■ GIVEN RECORDS:
-------------------------
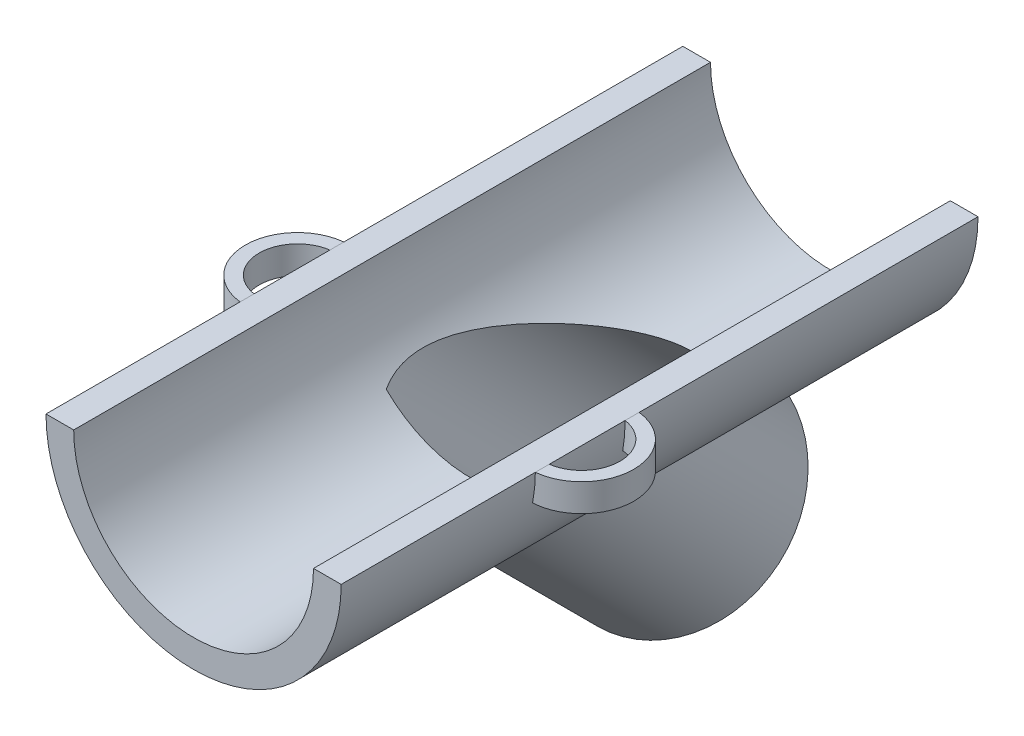
SolidWorks part; units mm, degrees
ref_plane "Front Plane" through (0, 0, 0) normal (0, 0, 1) x (1, 0, 0)
ref_plane "Top Plane" through (0, 0, 0) normal (0, 1, 0) x (1, 0, 0)
ref_plane "Right Plane" through (0, 0, 0) normal (1, 0, 0) x (0, 0, -1)
sketch "Sketch2" plane through (0, 0, 0) normal (0, 0, 1) x (1, 0, 0)
  line L0 (13.54, 0) -> (11, 0)
  line L1 (-11, 0) -> (-13.54, 0)
  arc A0 (-11, 0) -> (11, 0) centre (0, 0) ccw
  arc A1 (-13.54, 0) -> (13.54, 0) centre (0, 0) ccw
  dimension "D1" = 22
  dimension "D2" = 2.54
extrude "Boss-Extrude1" add sketch "Sketch2" along normal blind 76.2
ref_plane "Plane1" through (0, 0, 0) normal (0, 0.7071, 0.7071) x (-1, 0, 0)
sketch "Sketch4" plane through (0, 0, 0) normal (0, 0.7071, 0.7071) x (-1, 0, 0)
  line L5 (-13.54, 0) -> (-11, 0) construction
  line L10 (0, 68.58) -> (0, 0) construction
  circle A0 centre (0, 55.88) radius 10
  point P10 (0, 0)
  dimension "D4" = 20
  dimension "D5" = 55.88
extrude "Boss-Extrude4" add sketch "Sketch4" along normal up to surface (46.7315 mm away) up to face at (0, -6.77, 38.1)
sketch "Sketch9" plane through (0, 0, 0) normal (0, -0.7071, -0.7071) x (-1, 0, 0)
  circle A0 centre (0, -55.88) radius 8.5
  circle A1 centre (0, -55.88) radius 10 construction
  dimension "D1" = 17
extrude "Cut-Extrude4" cut sketch "Sketch9" against normal through all and the other way through all
sketch "Sketch10" plane through (0, 0, 0) normal (0, 0, -1) x (-1, 0, 0)
  line L0 (13.54, 0) -> (11, 0)
  line L1 (11, 0) -> (13.54, 0) construction
  line L2 (-13.54, 0) -> (-11, 0) construction
  line L3 (-11, 0) -> (-13.54, 0)
  arc A0 (-13.54, 0) -> (13.54, 0) centre (0, 0) ccw construction
  arc A1 (11, 0) -> (-11, 0) centre (0, 0) cw
  arc A2 (-11, 0) -> (11, 0) centre (0, 0) ccw construction
  arc A3 (13.54, 0) -> (-13.54, 0) centre (0, 0) cw
extrude "Cut-Extrude5" cut sketch "Sketch10" against normal blind 43.18
sketch "Sketch11" plane through (0, 0, 76.2) normal (0, 0, 1) x (1, 0, 0)
  line L0 (-11, 0) -> (-13.54, 0) construction
  line L1 (13.54, 0) -> (11, 0) construction
  line L2 (13.54, 0) -> (11, 0)
  line L3 (-11, 0) -> (-13.54, 0)
  arc A0 (11, 0) -> (-11, 0) centre (0, 0) cw
  arc A1 (13.54, 0) -> (-13.54, 0) centre (0, 0) cw
  arc A2 (-13.54, 0) -> (-8.3124, -10.6881) centre (0, 0) ccw construction
extrude "Boss-Extrude5" add sketch "Sketch11" along normal blind 25.4
sketch "Sketch12" plane through (0, 0, 0) normal (0, 1, 0) x (1, 0, 0)
  line L0 (-13.032, -83.82) -> (-13.032, -82.55)
  line L1 (13.032, -74.246) -> (13.032, -75.516)
  line L2 (13.032, -82.55) -> (13.032, -83.82)
  line L3 (13.54, -101.6) -> (13.54, -43.18) construction
  line L4 (13.54, -101.6) -> (11, -101.6) construction
  line L5 (-13.032, -74.246) -> (-13.032, -75.516)
  line L6 (-13.54, -101.6) -> (-13.54, -43.18) construction
  arc A0 (13.032, -74.246) -> (13.032, -83.82) centre (13.032, -79.033) cw
  arc A1 (13.032, -75.516) -> (13.032, -82.55) centre (13.032, -79.033) cw
  arc A2 (-13.032, -82.55) -> (-13.032, -75.516) centre (-13.032, -79.033) cw
  arc A3 (-13.032, -83.82) -> (-13.032, -74.246) centre (-13.032, -79.033) cw
  dimension "D3" = 1.27
  dimension "D1" = 0.508
  dimension "D2" = 17.78
  dimension "D4" = 0.508
extrude "Boss-Extrude6" add sketch "Sketch12" against normal blind 2.54 separate body
sketch "Sketch14" plane through (0, 0, 0) normal (0, -0.7071, -0.7071) x (1, 0, 0)
  circle A0 centre (0, 55.88) radius 10
extrude "Cut-Extrude6" cut sketch "Sketch14" against normal blind 25.4
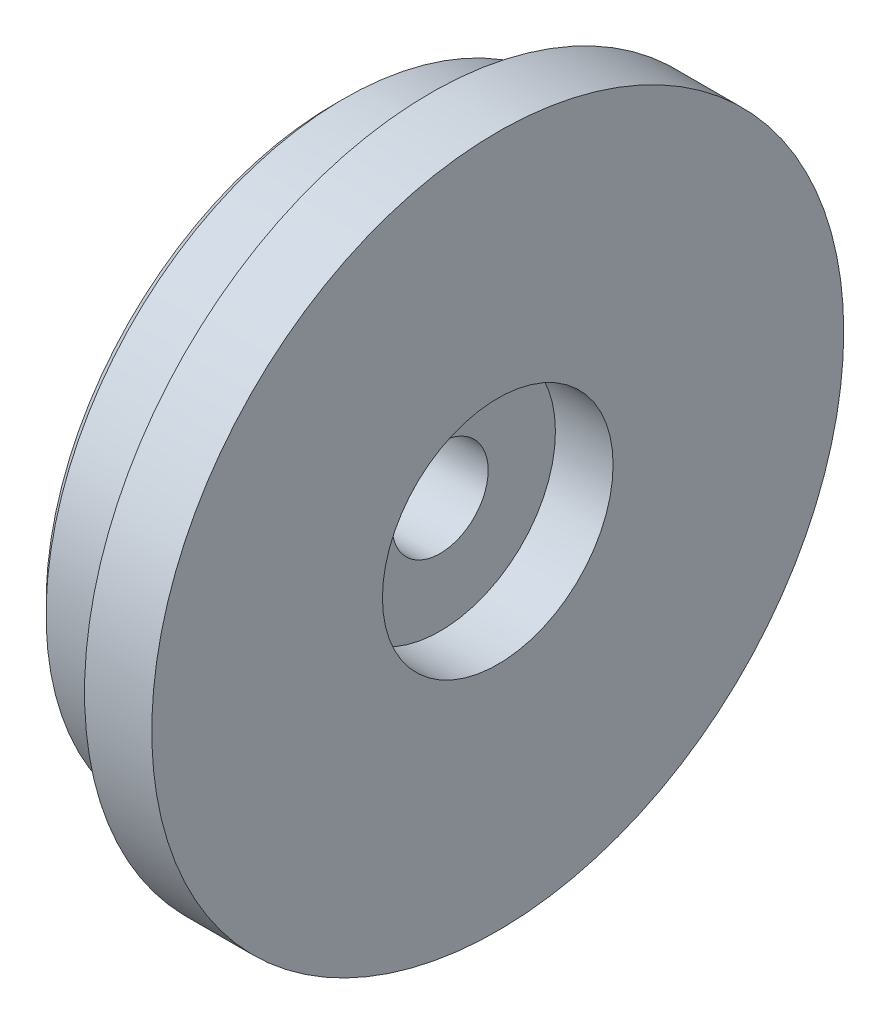
SolidWorks part; units mm, degrees
material "Alliage de zinc AC41A, brut"
ref_plane "Plan de face" through (0, 0, 0) normal (0, 0, 1) x (1, 0, 0)
ref_plane "Plan de dessus" through (0, 0, 0) normal (0, 1, 0) x (1, 0, 0)
ref_plane "Plan de droite" through (0, 0, 0) normal (1, 0, 0) x (0, 0, -1)
sketch "Esquisse1" plane through (0, 0, 0) normal (0, 0, 1) x (1, 0, 0)
  line L0 (0, 0) -> (0, 18) construction
  line L1 (0, 18) -> (-3.5, 18)
  line L2 (0, 18) -> (0, 6)
  line L3 (-3.5, 18) -> (-3.5, 15)
  line L4 (-3.5, 15) -> (-4.5, 15)
  line L5 (-4.5, 15) -> (-4.5, 15.5)
  line L6 (-4.5, 15.5) -> (-8, 15.5)
  line L8 (0, 6) -> (-3, 6)
  line L9 (-3, 6) -> (-3, 2.5)
  line L10 (-3, 2.5) -> (-8.5, 2.5)
  line L11 (-8, 15.5) -> (-8.5, 15)
  line L12 (-8.5, 2.5) -> (-8.5, 5)
  line L13 (-8.5, 5) -> (-5.75, 5)
  line L14 (-5, 5.75) -> (-5, 11.25)
  line L15 (-5.75, 12) -> (-8.5, 12)
  line L16 (-8.5, 12) -> (-8.5, 15)
  line L17 (-5, 11.25) -> (-5.75, 12)
  line L18 (-5.75, 5) -> (-5, 5.75)
  line L19 (0, 0) -> (-8.5, 0) construction
  point P8 (-8.5, 15.5)
  point P13 (-5, 5)
  point P15 (-5, 12)
  dimension "D1" = 18
  dimension "D2" = 3.5
  dimension "D3" = 12
  dimension "D4" = 3
  dimension "D5" = 1
  dimension "D6" = 0.5
  dimension "D8" = 2.5
  dimension "D9" = 3
  dimension "D10" = 3.5
  dimension "D11" = 5.5
  dimension "D12" = 3.5
  dimension "D14" = 7
  dimension "D15" = 3
  dimension "D16" = 3.5
revolve "Révolution1789" add sketch "Esquisse1" angle 360 about L19
cosmetic thread "Représentation de filetage1" parameters "D2"=30
cosmetic thread "Représentation de filetage2" parameters "D2"=6
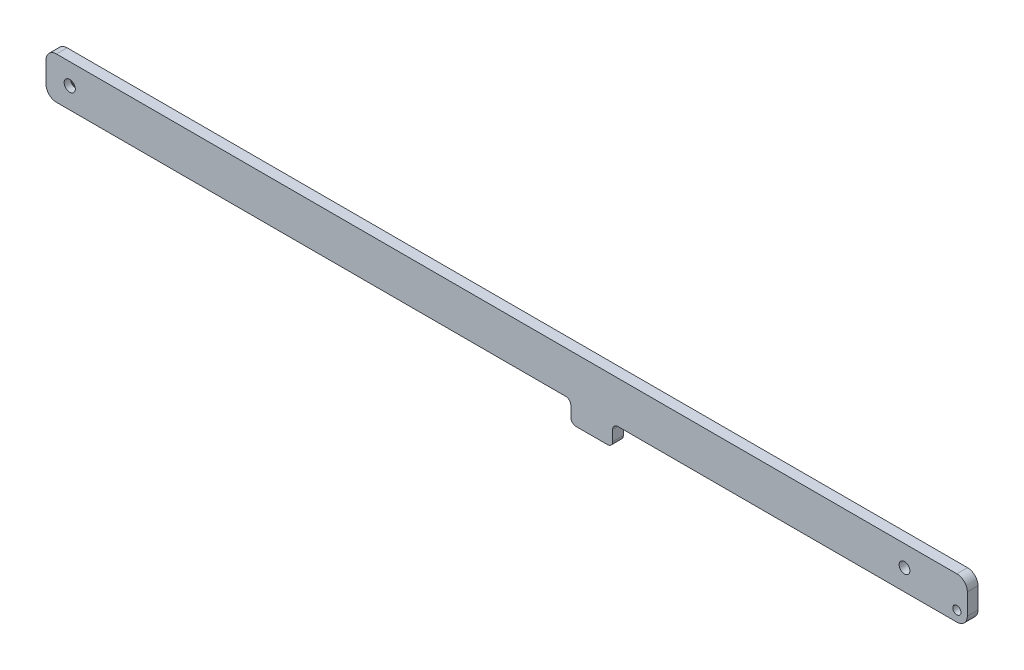
SolidWorks part; units mm, degrees
material "PC High Viscosity"
ref_plane "Front Plane" through (0, 0, 0) normal (0, 0, 1) x (1, 0, 0)
ref_plane "Top Plane" through (0, 0, 0) normal (0, 1, 0) x (1, 0, 0)
ref_plane "Right Plane" through (0, 0, 0) normal (1, 0, 0) x (0, 0, -1)
sketch "Sketch1" plane through (0, 0, 0) normal (0, 0, 1) x (1, 0, 0)
  line L1 (0, 0) -> (40.5308, 0)
  line L2 (0, 0) -> (0, 25.4)
  line L3 (0, 25.4) -> (40.5307, 25.4)
  line L4 (558.8, 0) -> (558.8, 25.4)
  line L11 (558.8, 10.0162) -> (552.45, 13.6823) construction
  line L12 (552.45, 13.6823) -> (546.1, 10.0162) construction
  line L13 (546.1, 10.0162) -> (546.1, 2.6838) construction
  line L14 (546.1, 2.6838) -> (552.45, -0.9823) construction
  line L15 (552.45, -0.9823) -> (558.8, 2.6838) construction
  line L16 (558.8, 2.6838) -> (558.8, 10.0162) construction
  line L19 (318.3103, 0) -> (318.3103, -12.7)
  line L20 (318.3103, -12.7) -> (343.7103, -12.7)
  line L21 (343.7103, -12.7) -> (343.7103, 0)
  line L22 (40.5307, 25.4) -> (558.8, 25.4)
  line L23 (40.5308, 0) -> (318.3103, 0)
  line L24 (343.7103, 0) -> (558.8, 0)
  circle A0 centre (552.45, 6.35) radius 2.4892
  circle A1 centre (552.45, 6.35) radius 6.35 construction
  dimension "D5" = 4.9784
  dimension "D7" = 12.7
  dimension "D1" = 558.8
  dimension "D2" = 25.4
  dimension "D3" = 12.7
  dimension "D4" = 318.3103
  dimension "D9" = 25.4
extrude "Boss-Extrude1" add sketch "Sketch1" along normal blind 6.477 contours L3 | L1 L4 L3 L2 A0 | L1 region at (280.1818, 12.2846, 0)
fillet "Fillet2" radius 6.35 4 edges at (558.8, 25.4, 3.2385) (0, 0, 3.2385) (0, 25.4, 3.2385) (558.8, 0, 3.2385)
sketch "Sketch2" plane through (0, 0, 6.477) normal (0, 0, 1) x (1, 0, 0)
  line L2 (558.8, 6.35) -> (558.8, 19.05) construction
  line L3 (6.35, 25.4) -> (552.45, 25.4) construction
  circle A0 centre (520.7, 12.7) radius 3.2639
  dimension "D1" = 6.5278
  dimension "D2" = 12.7
  dimension "D3" = 38.1
mirror "Mirror2" about plane through (0, 0, 0) normal (0, 0, 1) of bodies 101 108
delete or keep bodies "Body-Delete/Keep 1" type delete bodies bodies 101
fillet "Fillet3" radius 3.175 4 edges at (343.7103, 0, -3.2385) (343.7103, -12.7, -3.2385) (318.3103, -12.7, -3.2385) (318.3103, 0, -3.2385)
extrude "Cut-Extrude1" cut sketch "Sketch2" against normal through all
hole_wizard "CSK for 1/4 Flat Head Machine Screw (100)1" positions "Sketch3" profile "Sketch4" countersink size "1/4" standard "ANSI Inch"
sketch "Sketch3" plane through (0, 0, -6.477) normal (0, 0, 1) x (1, 0, 0)
  line L0 (6.35, 0) -> (315.1353, 0) construction
  line L1 (0, 6.35) -> (0, 19.05) construction
  point P0 (14.3939, 12.7)
  dimension "D1" = 12.7
  dimension "D2" = 14.3939
sketch "Sketch4" plane through (14.3939, 12.7, -6.477) normal (1, 0, 0) x (0, 1, 0)
  line L0 (0, 0) -> (0, 21.0798)
  line L1 (0, 21.0798) -> (3.3782, 19.05)
  line L2 (3.3782, 19.05) -> (3.3782, 2.5682)
  line L3 (3.3782, 2.5682) -> (6.4389, 0)
  line L5 (6.4389, 0) -> (0, 0)
  line L6 (-3.3782, 2.5682) -> (-6.4389, 0) construction
  line L10 (0, 21.0798) -> (-3.3782, 19.05) construction
  line L11 (0, -6.35) -> (0, 107.95) construction
  dimension "Hole Dia." = 6.7564
  dimension "Hole Depth" = 19.05
  dimension "Near C'Sink Dia." = 12.8778
  dimension "Near C'Sink Angle" = 100
  dimension "Drill Angle" = 118
-------------------------
■ TASK DIRECTIONS: Wherever the word "bodies" turns up in the records, copy out the line it is on.

■ ANSWER BOX:
mirror "Mirror2" about plane through (0, 0, 0) normal (0, 0, 1) of bodies 101 108
delete or keep bodies "Body-Delete/Keep 1" type delete bodies bodies 101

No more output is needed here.